Pero, hay muchas más cosas que podemos hacer y que deberíamos tener en cuenta para mantenernos con un buen estado de ánimo durante el período anual de más frío:

  • Elegir alimentos ricos en vitamina D e intentar tomar el sol durante el paseo, cuando salga algún rayo, también mejora la tristeza y la ansiedad.
  • Hacer ejercicio produce dopamina, serotonina y endorfinas, las tres hormonas asociadas a la felicidad. Remover nuestro cuerpo es un beneficio fundamental, tanto físico como psicológico. Además, el deporte ayuda a reforzar la autoestima y permite obtener un alto nivel de satisfacción personal.
  • Aprende a controlar los sentimientos y pensamientos, evitando frases pesimistas. Se trata de ver el lado positivo del invierno.
  • Despertarse y acostarse pronto, para poder aprovechar al máximo las horas de sol. Mejor descanso, más alegría y menos irritabilidad.
  • Relaciónate con familiares y amigos y no abandones tu vida social. Los ratos de ocio contribuyen a sentirse más contento.

Prepara tu casa para no pasar frío (y no malgastar)

Lo primero que debes tener en cuenta es vestirte según el tiempo. De nada sirve que estés en casa vestido como si fueras a la playa si luego tienes la calefacción con la temperatura muy alta. Tápate y utiliza ropa adecuada, esto te permitirá además ahorrar en electricidad.


Foto de Gettyimages

 

Te recomendamos que alternes las duchas de agua fría y caliente, que son magníficas para reforzar la capacidad de adaptación tan necesaria durante los cambios de tiempo.
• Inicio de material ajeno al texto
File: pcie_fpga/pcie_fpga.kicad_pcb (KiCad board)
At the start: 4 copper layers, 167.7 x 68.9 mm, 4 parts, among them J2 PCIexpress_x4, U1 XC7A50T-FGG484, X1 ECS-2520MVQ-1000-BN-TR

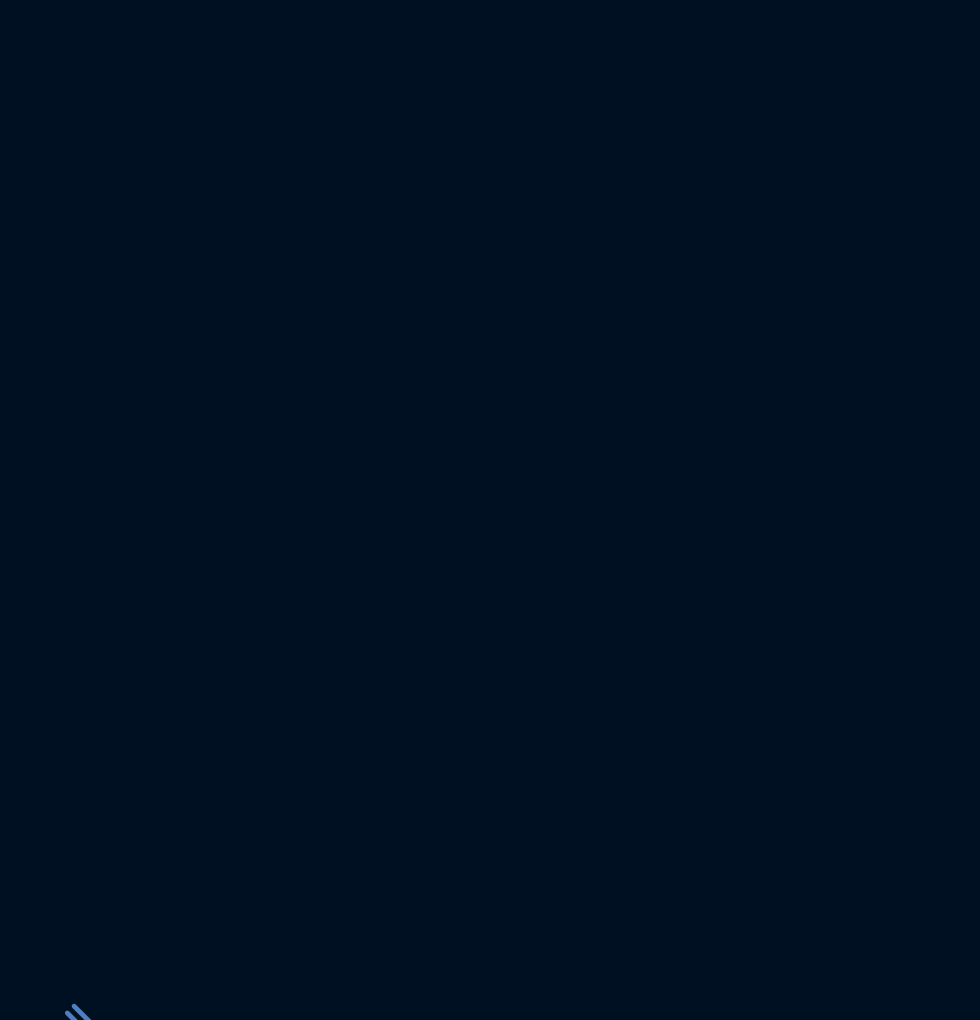
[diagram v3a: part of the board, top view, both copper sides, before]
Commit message: looking at Xilinx Artix Ultrascale+ for pcie board
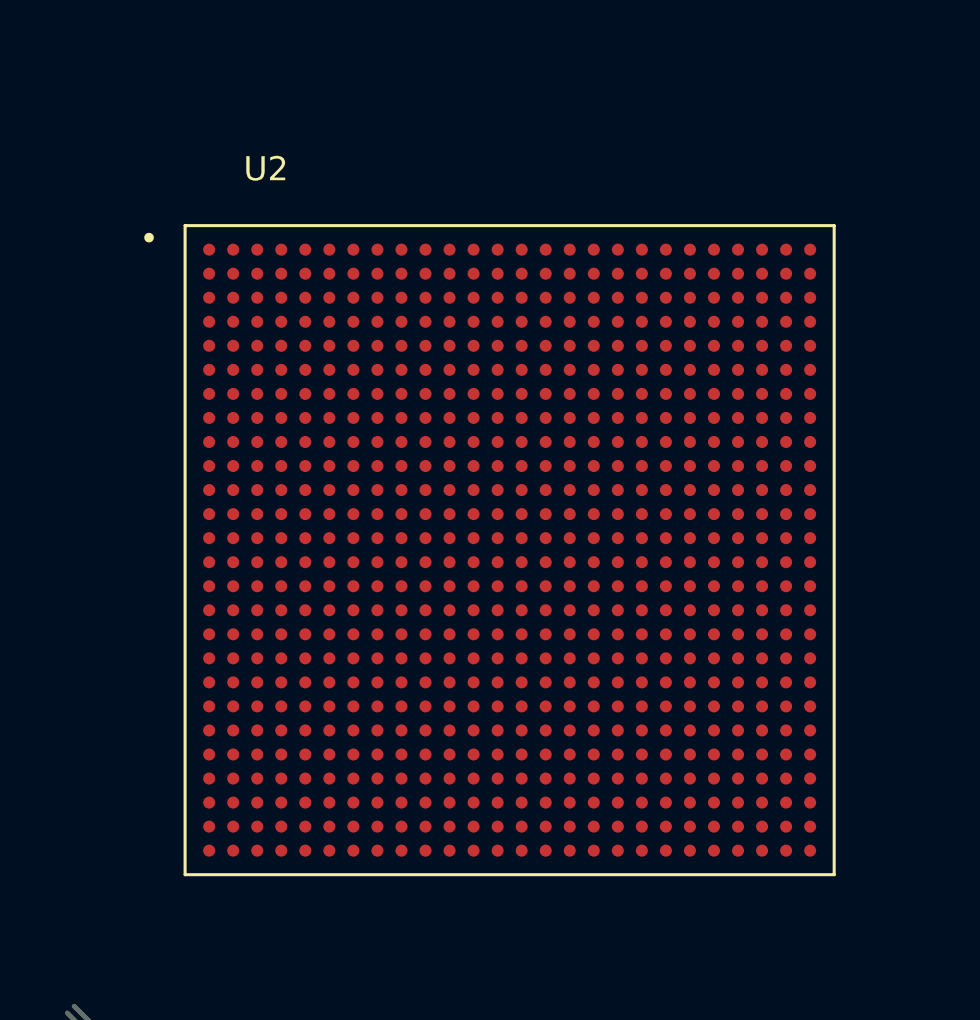
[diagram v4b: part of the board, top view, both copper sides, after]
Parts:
- added U2: XCAU10P-1FFVB676I, pedrolib:IC_XCAU10P-1FFVB676I, F.Cu at (157.7, 156.5)

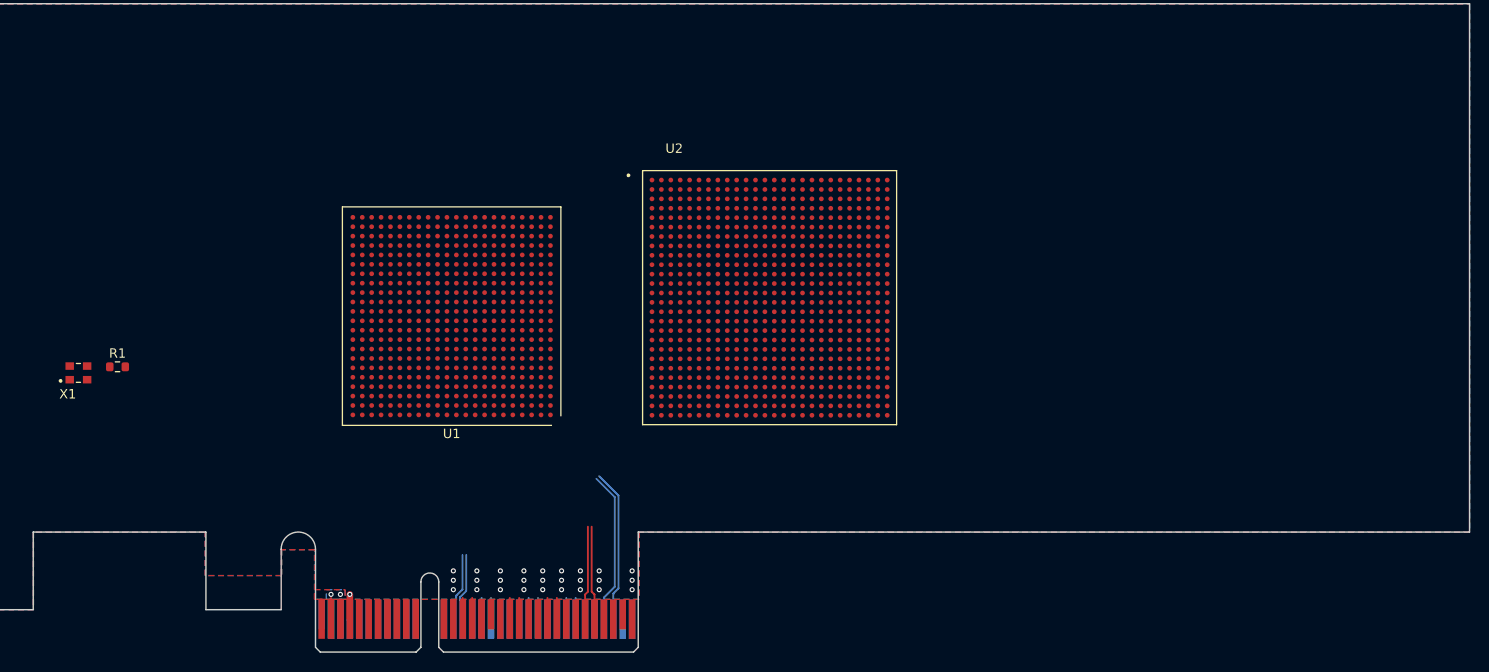
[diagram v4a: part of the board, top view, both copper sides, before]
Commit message: x8 PCIe connector
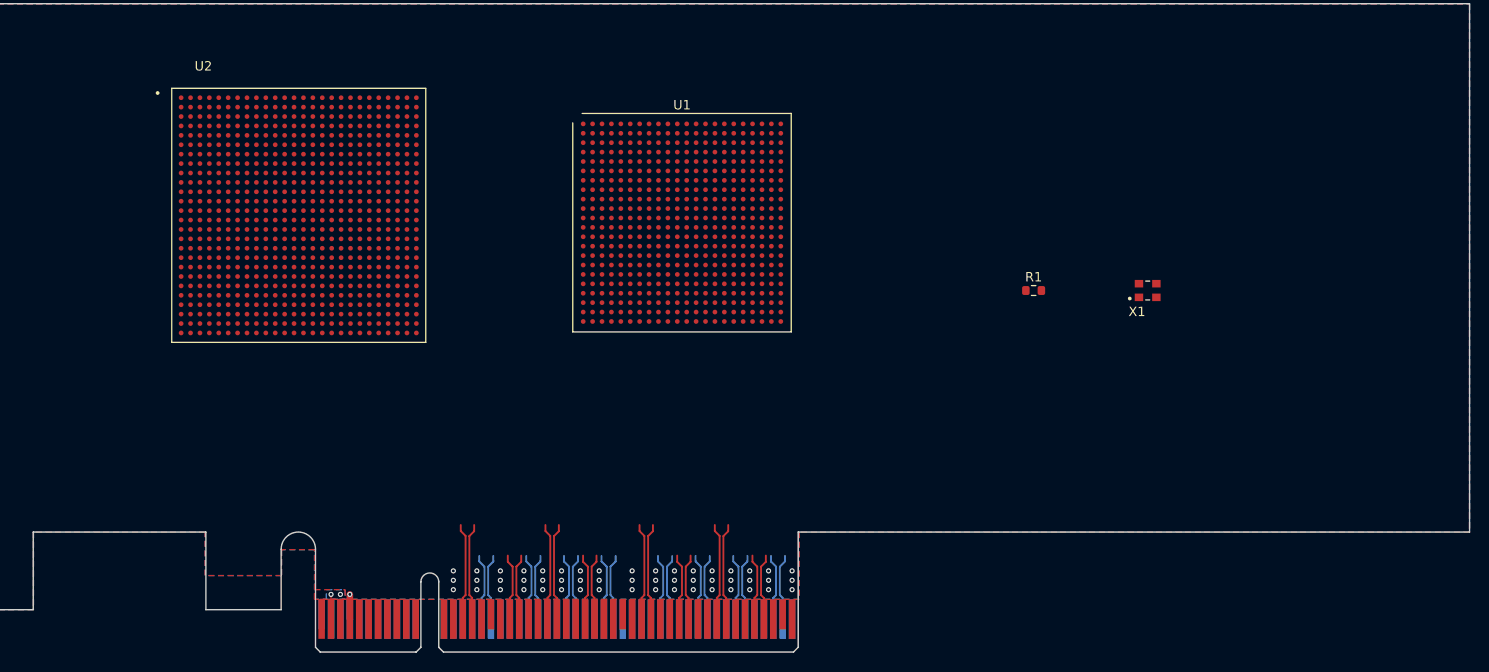
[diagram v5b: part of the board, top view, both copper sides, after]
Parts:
- J2: value PCIexpress_x4 -> PCIexpress_x8; footprint PCIexpress:PCIexpress_x4 -> pedrolib:PCIexpress_x8
- moved X1 114.0 mm to (197.9, 155.7)
- moved R1 97.7 mm to (185.8, 155.7)
- moved U2 50.8 mm to (107.7, 147.7)
- moved U1 26.4 mm to (148.4, 148.5), turned to 0 degrees
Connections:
- J2 pad B31: /prsntn -> unconnected-(J2-PadB31)
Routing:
- net unconnected-(J2-PadB41): track 0.00 -> 10.3 mm
- net unconnected-(J2-PadB33): track 0.00 -> 10.3 mm
- net unconnected-(J2-PadB42): track 0.00 -> 10.3 mm
- net unconnected-(J2-PadB34): track 0.00 -> 10.3 mm
- net /per3_N: track 16.3 -> 7.06 mm
- net /per3_P: track 16.2 -> 7.06 mm
- net /pet2_P: track 2.25 -> 10.3 mm
- net /pet2_N: track 2.25 -> 10.3 mm
- net /pet0_P: track 2.25 -> 10.3 mm
- net /pet0_N: track 2.25 -> 10.3 mm
- net /refclk_P: track 7.21 -> 0.00 mm
- net /refclk_N: track 7.21 -> 0.00 mm
- net unconnected-(J2-PadB46): track 0.00 -> 7.09 mm
- net unconnected-(J2-PadB45): track 0.00 -> 7.09 mm
- net unconnected-(J2-PadB38): track 0.00 -> 7.09 mm
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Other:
- outline, holes or cut-outs redrawn

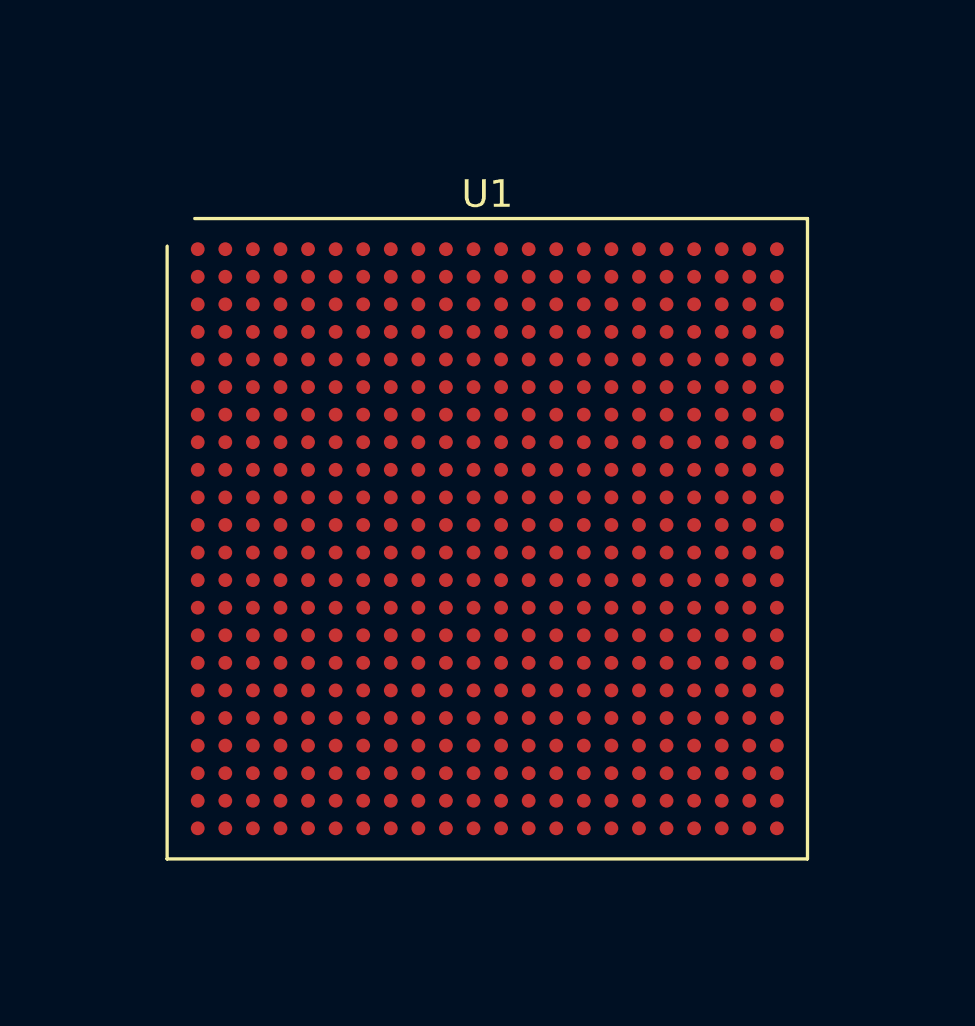
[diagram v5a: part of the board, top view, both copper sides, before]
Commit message: changed out Artix-7 for Artix-UP
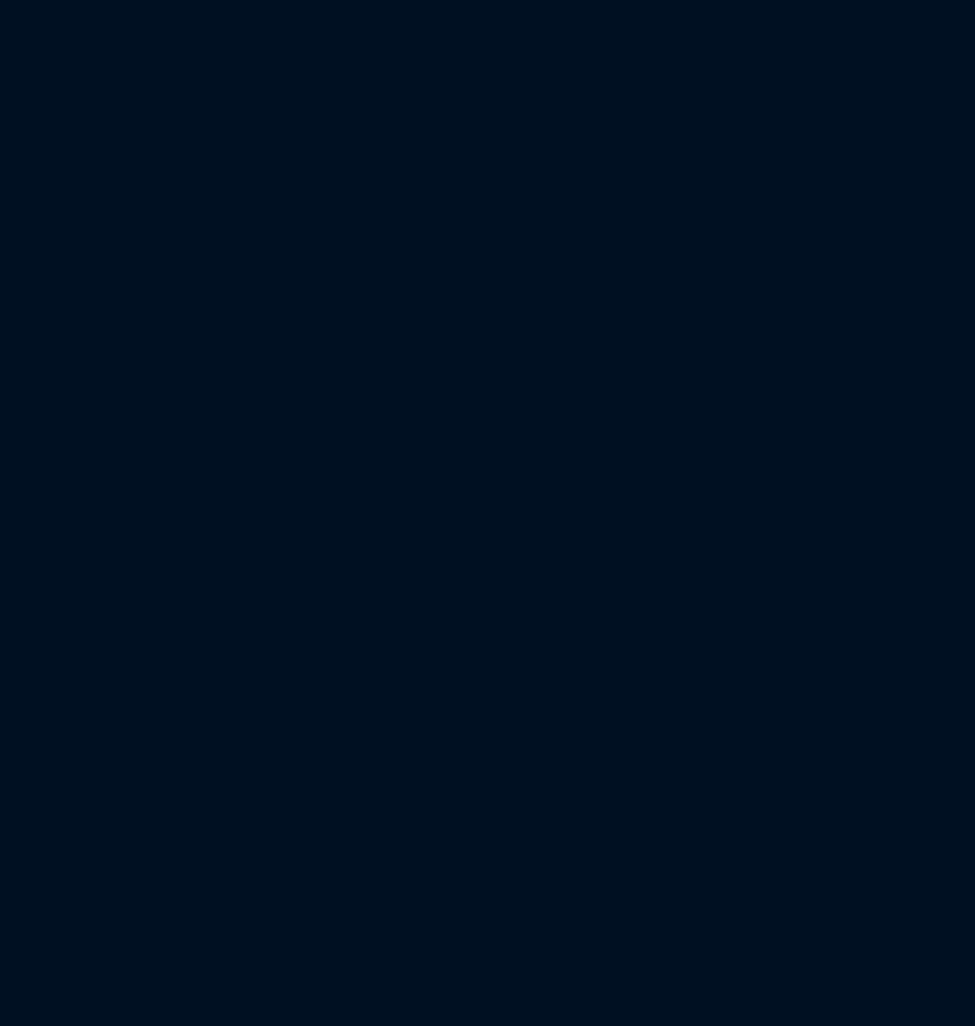
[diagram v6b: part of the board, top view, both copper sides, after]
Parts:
- removed U1: XC7A50T-FGG484, Package_BGA:Xilinx_FGG484
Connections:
- J2 pad A34: unconnected-(J2-PadA34) -> GND
- J2 pad A35: unconnected-(J2-PadA35) -> /per4_P
- J2 pad A36: unconnected-(J2-PadA36) -> /per4_N
- J2 pad A37: unconnected-(J2-PadA37) -> GND
- J2 pad A38: unconnected-(J2-PadA38) -> GND
- J2 pad A39: unconnected-(J2-PadA39) -> /per5_P
- J2 pad A40: unconnected-(J2-PadA40) -> /per5_N
- J2 pad A41: unconnected-(J2-PadA41) -> GND
- J2 pad A42: unconnected-(J2-PadA42) -> GND
- J2 pad A43: unconnected-(J2-PadA43) -> /per6_P
- J2 pad A44: unconnected-(J2-PadA44) -> /per6_N
- J2 pad A45: unconnected-(J2-PadA45) -> GND
- J2 pad A46: unconnected-(J2-PadA46) -> GND
- J2 pad A47: unconnected-(J2-PadA47) -> /per7_P
- J2 pad A48: unconnected-(J2-PadA48) -> /per7_N
- J2 pad A49: unconnected-(J2-PadA49) -> GND
- J2 pad B33: unconnected-(J2-PadB33) -> /pet4_P
- J2 pad B34: unconnected-(J2-PadB34) -> /pet4_N
- J2 pad B35: unconnected-(J2-PadB35) -> GND
- J2 pad B36: unconnected-(J2-PadB36) -> GND
- J2 pad B37: unconnected-(J2-PadB37) -> /pet5_P
- J2 pad B38: unconnected-(J2-PadB38) -> /pet5_N
- J2 pad B39: unconnected-(J2-PadB39) -> GND
- J2 pad B40: unconnected-(J2-PadB40) -> GND
- J2 pad B41: unconnected-(J2-PadB41) -> /pet6_P
- J2 pad B42: unconnected-(J2-PadB42) -> /pet6_N
- J2 pad B43: unconnected-(J2-PadB43) -> GND
- J2 pad B44: unconnected-(J2-PadB44) -> GND
- J2 pad B45: unconnected-(J2-PadB45) -> /pet7_P
- J2 pad B46: unconnected-(J2-PadB46) -> /pet7_N
- J2 pad B47: unconnected-(J2-PadB47) -> GND
- J2 pad B49: unconnected-(J2-PadB49) -> GND
- U2 pad A1: Net-(U2-PadA1) -> GND
- U2 pad A11: Net-(U2-PadA1) -> GND
- U2 pad A16: Net-(U2-PadA1) -> GND
- U2 pad A2: Net-(U2-PadA1) -> GND
- U2 pad A21: Net-(U2-PadA1) -> GND
- U2 pad A26: Net-(U2-PadA1) -> GND
- U2 pad A5: Net-(U2-PadA1) -> GND
- U2 pad A6: Net-(U2-PadA1) -> GND
- U2 pad A8: Net-(U2-PadA1) -> GND
- U2 pad AA1: Net-(U2-PadA1) -> GND
- U2 pad AA16: Net-(U2-PadAA16) -> GND
- U2 pad AA2: Net-(U2-PadA1) -> GND
- U2 pad AA26: Net-(U2-PadAA16) -> GND
- U2 pad AA3: Net-(U2-PadA1) -> GND
- U2 pad AA6: Net-(U2-PadAA16) -> GND
- U2 pad AA8: Net-(U2-PadAA16) -> GND
- U2 pad AB13: Net-(U2-PadAA16) -> GND
- U2 pad AB23: Net-(U2-PadAA16) -> GND
- U2 pad AB3: Net-(U2-PadAA16) -> GND
- U2 pad AB4: Net-(U2-PadAA16) -> GND
- U2 pad AB8: Net-(U2-PadAA16) -> GND
- U2 pad AC1: Net-(U2-PadAA16) -> GND
- U2 pad AC10: Net-(U2-PadAC10) -> GND
- U2 pad AC2: Net-(U2-PadAA16) -> GND
- U2 pad AC20: Net-(U2-PadAC10) -> GND
- U2 pad AC25: Net-(U2-PadAC10) -> GND
- U2 pad AC3: Net-(U2-PadAA16) -> GND
- U2 pad AC6: Net-(U2-PadAC10) -> GND
- U2 pad AC8: Net-(U2-PadAC10) -> GND
- U2 pad AC9: Net-(U2-PadAC10) -> GND
- U2 pad AD10: Net-(U2-PadAC10) -> GND
- U2 pad AD17: Net-(U2-PadAC10) -> GND
- U2 pad AD3: Net-(U2-PadAC10) -> GND
- U2 pad AD4: Net-(U2-PadAC10) -> GND
- U2 pad AD5: Net-(U2-PadAC10) -> GND
- U2 pad AE1: Net-(U2-PadAC10) -> GND
- U2 pad AE10: Net-(U2-PadAE10) -> GND
- U2 pad AE14: Net-(U2-PadAE10) -> GND
- U2 pad AE19: Net-(U2-PadAE10) -> GND
- U2 pad AE2: Net-(U2-PadAE10) -> GND
- U2 pad AE24: Net-(U2-PadAE10) -> GND
- U2 pad AE5: Net-(U2-PadAE10) -> GND
- U2 pad AE6: Net-(U2-PadAE10) -> GND
- U2 pad AF10: Net-(U2-PadAF10) -> GND
- U2 pad AF11: Net-(U2-PadAF10) -> GND
- U2 pad AF16: Net-(U2-PadAF10) -> GND
- U2 pad AF21: Net-(U2-PadAF10) -> GND
- U2 pad AF26: Net-(U2-PadAF10) -> GND
- U2 pad AF3: Net-(U2-PadAE10) -> GND
- U2 pad AF4: Net-(U2-PadAE10) -> GND
- U2 pad AF5: Net-(U2-PadAE10) -> GND
- U2 pad AF8: Net-(U2-PadAE10) -> GND
- U2 pad AF9: Net-(U2-PadAE10) -> GND
- U2 pad B13: Net-(U2-PadAF10) -> GND
- U2 pad B18: Net-(U2-PadAF10) -> GND
- U2 pad B23: Net-(U2-PadAF10) -> GND
- U2 pad B3: Net-(U2-PadAF10) -> GND
- U2 pad B4: Net-(U2-PadAF10) -> GND
- U2 pad B5: Net-(U2-PadAF10) -> GND
- U2 pad B8: Net-(U2-PadAF10) -> GND
- U2 pad C1: Net-(U2-PadC1) -> GND
- U2 pad C10: Net-(U2-PadC1) -> GND
- U2 pad C15: Net-(U2-PadC1) -> GND
- U2 pad C2: Net-(U2-PadC1) -> GND
- U2 pad C25: Net-(U2-PadC1) -> GND
- U2 pad C5: Net-(U2-PadC1) -> GND
- U2 pad C6: Net-(U2-PadC1) -> GND
- U2 pad C8: Net-(U2-PadC1) -> GND
- U2 pad D12: Net-(U2-PadD12) -> GND
- U2 pad D22: Net-(U2-PadD12) -> GND
- U2 pad D3: Net-(U2-PadC1) -> GND
- U2 pad D4: Net-(U2-PadC1) -> GND
- U2 pad D5: Net-(U2-PadC1) -> GND
- U2 pad D8: Net-(U2-PadC1) -> GND
- U2 pad E1: Net-(U2-PadD12) -> GND
- U2 pad E19: Net-(U2-PadD12) -> GND
- U2 pad E2: Net-(U2-PadD12) -> GND
- U2 pad E3: Net-(U2-PadD12) -> GND
- U2 pad E6: Net-(U2-PadD12) -> GND
- U2 pad E8: Net-(U2-PadD12) -> GND
- U2 pad F11: Net-(U2-PadD12) -> GND
- U2 pad F16: Net-(U2-PadF16) -> GND
- U2 pad F21: Net-(U2-PadF16) -> GND
- U2 pad F26: Net-(U2-PadF16) -> GND
- U2 pad F3: Net-(U2-PadD12) -> GND
- U2 pad F4: Net-(U2-PadD12) -> GND
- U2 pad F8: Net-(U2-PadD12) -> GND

Un pequeño truco que es ideal también para no tener frío en casa es intentar siempre tener en calor tus articulaciones (muñecas, tobillos, pies, cuello…), que son bastante sensibles ante los cambios de temperatura y el frío. Es muy recomendable que intentes estar siempre en lugares cálidos y secos para pasar el otoño y el invierno.

Pero, ante todo, lo primero que tienes que hacer es aislar bien tu hogar. Mira si las ventanas y las puertas cierran bien. Si no es así, por ellas se filtrará el aire frío de la calle y no podrás mantener una temperatura adecuada para vivir sin tener que sufrir por el frío. Para solucionarlo, puedes probar de sellar bien las ventanas y las ranuras de las puertas, dejar entrar el sol durante el día y aislar el cajón de las persianas, por ejemplo.

 

Otro pequeño truco es decorar tu casa con alfombras. Parece que no, pero el hecho de tenerlas en el suelo ayuda a evitar que el frío del suelo entre a nuestro cuerpo a través de los pies.

Y no te olvides de tener siempre cerca una manta, un plaid o cualquier cosa que te sirva para taparte siempre y cuando lo necesites, antes de abusar de la calefacción.